A Herbívora Te Ajuda A Levar Uma Vida Mais Consciente

Quando eu tinha 12 anos, costumava frequentar a estância da família da Elisa, minha melhor amiga. Era uma fazenda de gado leiteiro perto de Ijuí, no Rio Grande do Sul. Em uma dessas visitas, eu vi um bezerrinho nascer — e no mesmo fim de semana vi um peão da estância tirando o couro de um boi que havia sido abatido.
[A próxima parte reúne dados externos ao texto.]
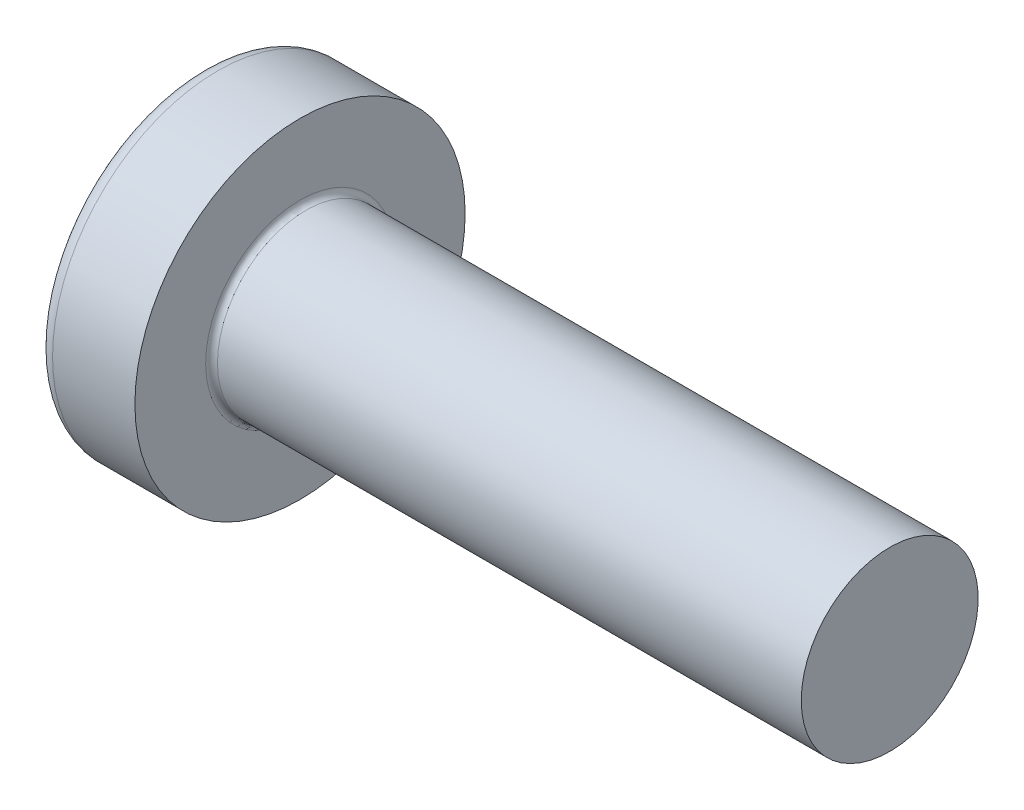
ISO-10303-21;
HEADER;
FILE_DESCRIPTION(('STEP AP214'),'2;1');
FILE_NAME('part.step','',(''),(''),'','','');
FILE_SCHEMA(('AUTOMOTIVE_DESIGN { 1 0 10303 214 1 1 1 1 }'));
ENDSEC;
DATA;
#1=APPLICATION_CONTEXT('core data for automotive mechanical design processes');
#2=APPLICATION_PROTOCOL_DEFINITION('international standard','automotive_design',2000,#1);
#3=PRODUCT_CONTEXT('',#1,'mechanical');
#4=PRODUCT('Part','Part','',(#3));
#5=PRODUCT_RELATED_PRODUCT_CATEGORY('part','',(#4));
#6=PRODUCT_DEFINITION_FORMATION('','',#4);
#7=PRODUCT_DEFINITION_CONTEXT('part definition',#1,'design');
#8=PRODUCT_DEFINITION('design','',#6,#7);
#9=PRODUCT_DEFINITION_SHAPE('','',#8);
#10=(LENGTH_UNIT() NAMED_UNIT(*) SI_UNIT(.MILLI.,.METRE.));
#11=(NAMED_UNIT(*) PLANE_ANGLE_UNIT() SI_UNIT($,.RADIAN.));
#12=(NAMED_UNIT(*) SI_UNIT($,.STERADIAN.) SOLID_ANGLE_UNIT());
#13=UNCERTAINTY_MEASURE_WITH_UNIT(LENGTH_MEASURE(1.E-05),#10,'distance_accuracy_value','');
#14=(GEOMETRIC_REPRESENTATION_CONTEXT(3) GLOBAL_UNCERTAINTY_ASSIGNED_CONTEXT((#13)) GLOBAL_UNIT_ASSIGNED_CONTEXT((#10,
#11,#12)) REPRESENTATION_CONTEXT('',''));
#15=CARTESIAN_POINT('',(0.,0.,0.));
#16=DIRECTION('',(0.,0.,1.));
#17=DIRECTION('',(1.,0.,0.));
#18=AXIS2_PLACEMENT_3D('',#15,#16,#17);
#19=CARTESIAN_POINT('',(5.,0.,0.));
#20=DIRECTION('',(-1.,0.,0.));
#21=DIRECTION('',(0.,1.,0.));
#22=AXIS2_PLACEMENT_3D('',#19,#20,#21);
#23=SPHERICAL_SURFACE('',#22,5.);
#24=CARTESIAN_POINT('',(0.775371598933733,0.,0.));
#25=DIRECTION('',(-1.,0.,0.));
#26=DIRECTION('',(0.,0.,1.));
#27=AXIS2_PLACEMENT_3D('',#24,#25,#26);
#28=CIRCLE('',#27,2.67441860465116);
#29=CARTESIAN_POINT('',(0.775371598933733,0.,2.67441860465116));
#30=VERTEX_POINT('',#29);
#31=EDGE_CURVE('E234',#30,#30,#28,.T.);
#32=ORIENTED_EDGE('',*,*,#31,.T.);
#33=EDGE_LOOP('',(#32));
#34=FACE_BOUND('',#33,.T.);
#35=CARTESIAN_POINT('',(0.0457951200896417,0.,0.));
#36=DIRECTION('',(1.,0.,0.));
#37=DIRECTION('',(0.,0.,-1.));
#38=AXIS2_PLACEMENT_3D('',#35,#36,#37);
#39=CIRCLE('',#38,0.675169614150692);
#40=CARTESIAN_POINT('',(0.0457951200896426,-0.369999999999998,-0.564760133040918));
#41=VERTEX_POINT('',#40);
#42=CARTESIAN_POINT('',(0.0457951200896417,-0.564760133040916,-0.37));
#43=VERTEX_POINT('',#42);
#44=EDGE_CURVE('E371',#41,#43,#39,.F.);
#45=ORIENTED_EDGE('',*,*,#44,.F.);
#46=CARTESIAN_POINT('',(5.,-0.37,0.));
#47=DIRECTION('',(0.,1.,0.));
#48=DIRECTION('',(0.,0.,1.));
#49=AXIS2_PLACEMENT_3D('',#46,#47,#48);
#50=CIRCLE('',#49,4.98629120689917);
#51=CARTESIAN_POINT('',(0.187869731256034,-0.369999999999995,-1.30633161051784));
#52=VERTEX_POINT('',#51);
#53=EDGE_CURVE('E297',#52,#41,#50,.T.);
#54=ORIENTED_EDGE('',*,*,#53,.F.);
#55=CARTESIAN_POINT('',(4.56358245832426,0.,0.875318202045668));
#56=DIRECTION('',(0.446197800778958,0.,-0.89493436774996));
#57=DIRECTION('',(-0.89493436774996,0.,-0.446197800778958));
#58=AXIS2_PLACEMENT_3D('',#55,#56,#57);
#59=CIRCLE('',#58,4.90340267309195);
#60=CARTESIAN_POINT('',(0.187869731256035,0.370000000000005,-1.30633161051784));
#61=VERTEX_POINT('',#60);
#62=EDGE_CURVE('E269',#52,#61,#59,.T.);
#63=ORIENTED_EDGE('',*,*,#62,.T.);
#64=CARTESIAN_POINT('',(5.,0.37,0.));
#65=DIRECTION('',(0.,-1.,0.));
#66=DIRECTION('',(0.,0.,-1.));
#67=AXIS2_PLACEMENT_3D('',#64,#65,#66);
#68=CIRCLE('',#67,4.98629120689917);
#69=CARTESIAN_POINT('',(0.0457951200896421,0.370000000000002,-0.564760133040916));
#70=VERTEX_POINT('',#69);
#71=EDGE_CURVE('E324',#70,#61,#68,.T.);
#72=ORIENTED_EDGE('',*,*,#71,.F.);
#73=CARTESIAN_POINT('',(0.0457951200896417,0.564760133040915,-0.37));
#74=VERTEX_POINT('',#73);
#75=EDGE_CURVE('E390',#74,#70,#39,.F.);
#76=ORIENTED_EDGE('',*,*,#75,.F.);
#77=CARTESIAN_POINT('',(5.,0.,-0.37));
#78=DIRECTION('',(0.,0.,1.));
#79=DIRECTION('',(1.,0.,0.));
#80=AXIS2_PLACEMENT_3D('',#77,#78,#79);
#81=CIRCLE('',#80,4.98629120689917);
#82=CARTESIAN_POINT('',(0.187869731256034,1.30633161051784,-0.37));
#83=VERTEX_POINT('',#82);
#84=EDGE_CURVE('E263',#83,#74,#81,.T.);
#85=ORIENTED_EDGE('',*,*,#84,.F.);
#86=CARTESIAN_POINT('',(4.56358245832426,-0.875318202045668,0.));
#87=DIRECTION('',(0.446197800778958,0.894934367749961,0.));
#88=DIRECTION('',(-0.89493436774996,0.446197800778958,0.));
#89=AXIS2_PLACEMENT_3D('',#86,#87,#88);
#90=CIRCLE('',#89,4.90340267309195);
#91=CARTESIAN_POINT('',(0.187869731256034,1.30633161051784,0.37));
#92=VERTEX_POINT('',#91);
#93=EDGE_CURVE('E266',#83,#92,#90,.T.);
#94=ORIENTED_EDGE('',*,*,#93,.T.);
#95=CARTESIAN_POINT('',(5.,0.,0.37));
#96=DIRECTION('',(0.,0.,-1.));
#97=DIRECTION('',(0.,1.,0.));
#98=AXIS2_PLACEMENT_3D('',#95,#96,#97);
#99=CIRCLE('',#98,4.98629120689917);
#100=CARTESIAN_POINT('',(0.0457951200896417,0.564760133040915,0.37));
#101=VERTEX_POINT('',#100);
#102=EDGE_CURVE('E259',#101,#92,#99,.T.);
#103=ORIENTED_EDGE('',*,*,#102,.F.);
#104=CARTESIAN_POINT('',(0.0457951200896426,0.369999999999998,0.564760133040918));
#105=VERTEX_POINT('',#104);
#106=EDGE_CURVE('E389',#105,#101,#39,.F.);
#107=ORIENTED_EDGE('',*,*,#106,.F.);
#108=CARTESIAN_POINT('',(0.187869731256033,0.369999999999995,1.30633161051784));
#109=VERTEX_POINT('',#108);
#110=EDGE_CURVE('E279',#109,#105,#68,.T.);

Não sei se o que senti foi simplesmente pena ou um embrião de compaixão, mas não quis mais comer carne. Só que, com 12 anos, na década de 80, no Rio Grande do Sul, não havia muita coisa que eu pudesse fazer sozinha. Até que, aos 14 anos, já morando em Santa Catarina, comecei a namorar um surfista vegetariano (uma das pessoas que mais teve influência no que eu sou hoje em dia).

Não posso dizer que sou vegetariana desde então: no meio do caminho houve um período em que voltei a comer peixes e frutos do mar. As coisas começaram a mudar quando eu adotei um gato. Gatos e cachorros são como agentes infiltrados, cuja missão secreta é despertar amor e compaixão em humanos endurecidos pela vida adulta capitalista.

O gato (a gata, no caso — a Júpiter) amoleceu meu coração e abriu a casa para outros gatos e cachorros. Comecei a ajudar protetoras de animais em missões de resgate e castração, e passei a não me sentir confortável comendo outros bichos. E então… fui no aquário de Monterrey, na California, e tive um momento de profunda emoção na frente de um tanque cheio de atuns, vendo aqueles bichos majestosos nadarem. Chorei potes na frente daquele tanque. E nunca mais comi bicho nenhum. E em pouco tempo parei também de comer produtos derivados de animais (e nunca mais fui num aquário — apesar da visita ter servido para o meu “despertar”, hoje sou contra a exibição de animais confinados para entretenimento humano).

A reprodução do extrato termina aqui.